**EXERCISE GOAL:** "Bromsande kraft1 : Gain" appears in one line; retype that line and all lines following it through the end of the records, with nothing left out or added.

──────── RECORDS FOR THE EXERCISE

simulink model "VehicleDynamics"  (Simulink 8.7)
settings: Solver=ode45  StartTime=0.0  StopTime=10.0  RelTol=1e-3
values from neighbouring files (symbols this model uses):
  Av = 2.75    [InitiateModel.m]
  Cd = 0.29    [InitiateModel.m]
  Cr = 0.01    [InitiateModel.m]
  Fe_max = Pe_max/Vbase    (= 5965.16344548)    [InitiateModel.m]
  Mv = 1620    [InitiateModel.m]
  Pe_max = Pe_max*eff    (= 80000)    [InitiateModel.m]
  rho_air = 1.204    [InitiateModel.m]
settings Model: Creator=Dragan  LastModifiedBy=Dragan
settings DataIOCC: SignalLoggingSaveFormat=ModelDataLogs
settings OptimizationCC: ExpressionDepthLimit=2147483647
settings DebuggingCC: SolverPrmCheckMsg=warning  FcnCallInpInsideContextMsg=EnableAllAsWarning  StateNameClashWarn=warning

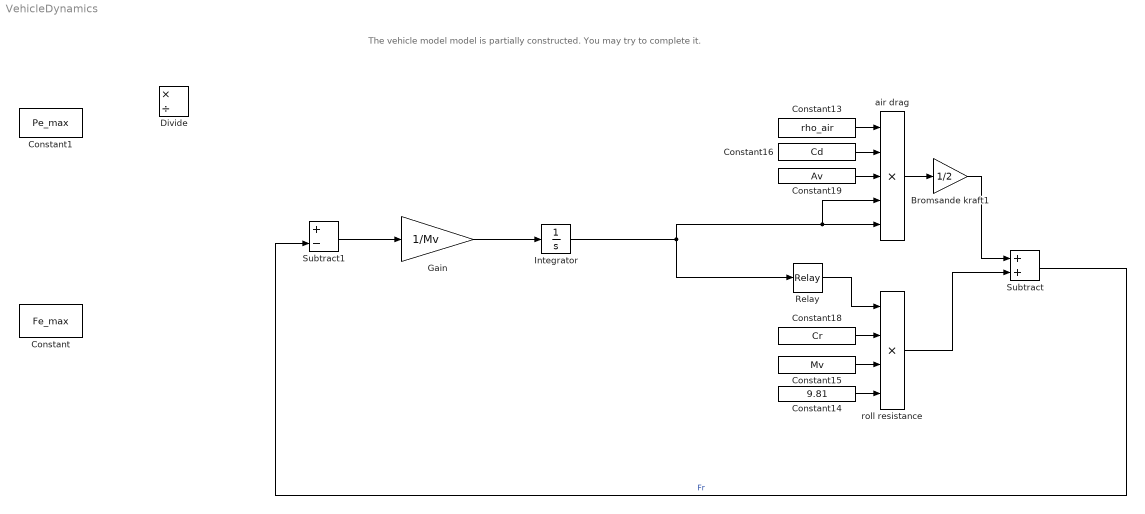
== system VehicleDynamics ==
  note: The vehicle model model is partially constructed. You may try to complete it.
  Bromsande kraft1 : Gain  Gain=1/2  SaturateOnIntegerOverflow=on  OutDataTypeStr=Inherit: Same as input  ParamDataTypeStr=Inherit: Same as input
  Constant : Constant  Value=Fe_max
  Constant1 : Constant  Value=Pe_max
  Constant13 : Constant  Value=rho_air
  Constant14 : Constant  Value=9.81
  Constant15 : Constant  Value=Mv
  Constant16 : Constant  Value=Cd
  Constant18 : Constant  Value=Cr
  Constant19 : Constant  Value=Av
  Divide : Product  Inputs=*/
  Gain : Gain  Gain=1/Mv
  Integrator : Integrator
  Relay : Relay
  Subtract : Sum
  Subtract1 : Sum  Inputs=+-
  air drag : Product  Inputs=5  SaturateOnIntegerOverflow=on  InputSameDT=on  OutDataTypeStr=Inherit: Same as first input
  roll resistance : Product  Inputs=4  SaturateOnIntegerOverflow=on  InputSameDT=on  OutDataTypeStr=Inherit: Same as first input
  wires:
  Constant19/1 -> air drag/3
  Constant16/1 -> air drag/2
  Constant13/1 -> air drag/1
  air drag/1 -> Bromsande kraft1/1
  Relay/1 -> roll resistance/1
  Constant14/1 -> roll resistance/4
  Constant15/1 -> roll resistance/3
  Constant18/1 -> roll resistance/2
  Bromsande kraft1/1 -> Subtract/1
  roll resistance/1 -> Subtract/2
  Subtract/1 -> Subtract1/2  "Fr"
  Subtract1/1 -> Gain/1
  Gain/1 -> Integrator/1
  Integrator/1 -> Relay/1, air drag/5, air drag/4

────────────────

**PROBLEM SOLUTION:**
  Bromsande kraft1 : Gain  Gain=1/2  SaturateOnIntegerOverflow=on  OutDataTypeStr=Inherit: Same as input  ParamDataTypeStr=Inherit: Same as input
  Constant : Constant  Value=Fe_max
  Constant1 : Constant  Value=Pe_max
  Constant13 : Constant  Value=rho_air
  Constant14 : Constant  Value=9.81
  Constant15 : Constant  Value=Mv
  Constant16 : Constant  Value=Cd
  Constant18 : Constant  Value=Cr
  Constant19 : Constant  Value=Av
  Divide : Product  Inputs=*/
  Gain : Gain  Gain=1/Mv
  Integrator : Integrator
  Relay : Relay
  Subtract : Sum
  Subtract1 : Sum  Inputs=+-
  air drag : Product  Inputs=5  SaturateOnIntegerOverflow=on  InputSameDT=on  OutDataTypeStr=Inherit: Same as first input
  roll resistance : Product  Inputs=4  SaturateOnIntegerOverflow=on  InputSameDT=on  OutDataTypeStr=Inherit: Same as first input
  wires:
  Constant19/1 -> air drag/3
  Constant16/1 -> air drag/2
  Constant13/1 -> air drag/1
  air drag/1 -> Bromsande kraft1/1
  Relay/1 -> roll resistance/1
  Constant14/1 -> roll resistance/4
  Constant15/1 -> roll resistance/3
  Constant18/1 -> roll resistance/2
  Bromsande kraft1/1 -> Subtract/1
  roll resistance/1 -> Subtract/2
  Subtract/1 -> Subtract1/2  "Fr"
  Subtract1/1 -> Gain/1
  Gain/1 -> Integrator/1
  Integrator/1 -> Relay/1, air drag/5, air drag/4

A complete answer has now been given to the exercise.